Arthritis is a joint inflammation associated with chronic autoimmune rheumatism such as rheumatoid arthritis (RA) and psoriatic arthritis (PsA). The most common form, RA, is characterized by synovial inflammation, cartilage and bone destruction. Recently, several studies have identified the involvement of local extra-hepatic hepcidin production in several inflammatory phenomena. However, how local hepcidin influences articular physiology and contributes to arthritis is poorly understood.

Our aim was to explore the local articular production of hepcidin and to evaluate its role in RA and PsA.
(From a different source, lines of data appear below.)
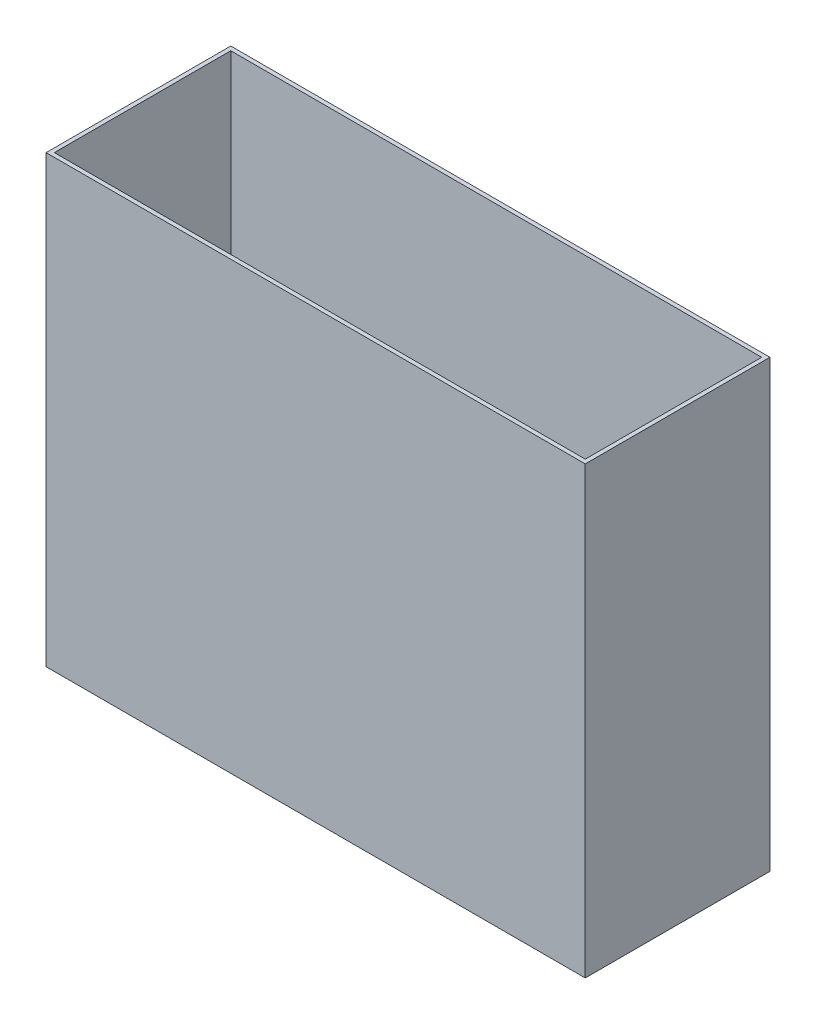
from build123d import *

# Parameters (mm, degrees)
ESBO_O1_W                = 337
ESBO_O1_H                = 112
RESSALTO_EXTRUS_O1_DEPTH = 280
CASCA1_T                 = 2.6


with BuildPart() as part:
    # Esboço1 → Ressalto-extrusão1 (new body)
    with BuildSketch(Plane(origin=(0, 0, 0), x_dir=(1, 0, 0), z_dir=(0, 1, 0))):
        with Locations((168.5, 56)):
            Rectangle(ESBO_O1_W, ESBO_O1_H)
    extrude(amount=RESSALTO_EXTRUS_O1_DEPTH)

    # Casca1
    casca1_openings = [part.faces().sort_by_distance(p)[0] for p in [
        (168.5, 280, -56),
    ]]
    offset(amount=CASCA1_T, openings=casca1_openings, kind=Kind.INTERSECTION)


solid = part.part

Using a cohort of arthritis patients, we measured (LC/MS/MS) higher levels of hepcidin in arthritis synovium, compared to osteoarthritis controls. To confirm a local articular production, we isolated mononuclear cells from arthritis synovial fluids and showed (RT-qPCR) that leucocytes expressed hepcidin mRNA. To recapitulate the conditions of inflammatory synovial infiltrate, we stimulated ex-vivo peripheral blood mononuclear cells with synovial fluids and showed that only inflammatory synovial fluids triggered hepcidin production. IL-6, a well-known pro-inflammatory cytokine in arthritis, is the major regulator of hepcidin in inflammatory conditions. Hepcidin induction by synovial fluids was only partially inhibited with IL-6R inhibitor but totally repressed with Filgotinib, a JAK inhibitor, suggesting additional factors to stimulate articular hepcidin in arthritis. Futures omics analyses will determine the regulatory pathways of hepcidin and iron metabolism in arthritis.

Our study strongly suggests that hepcidin production takes place locally in the joint under inflammatory arthritis, providing a state of the art for exploring the involvement of hepcidin and iron in the pathophysiology of RA and PsA.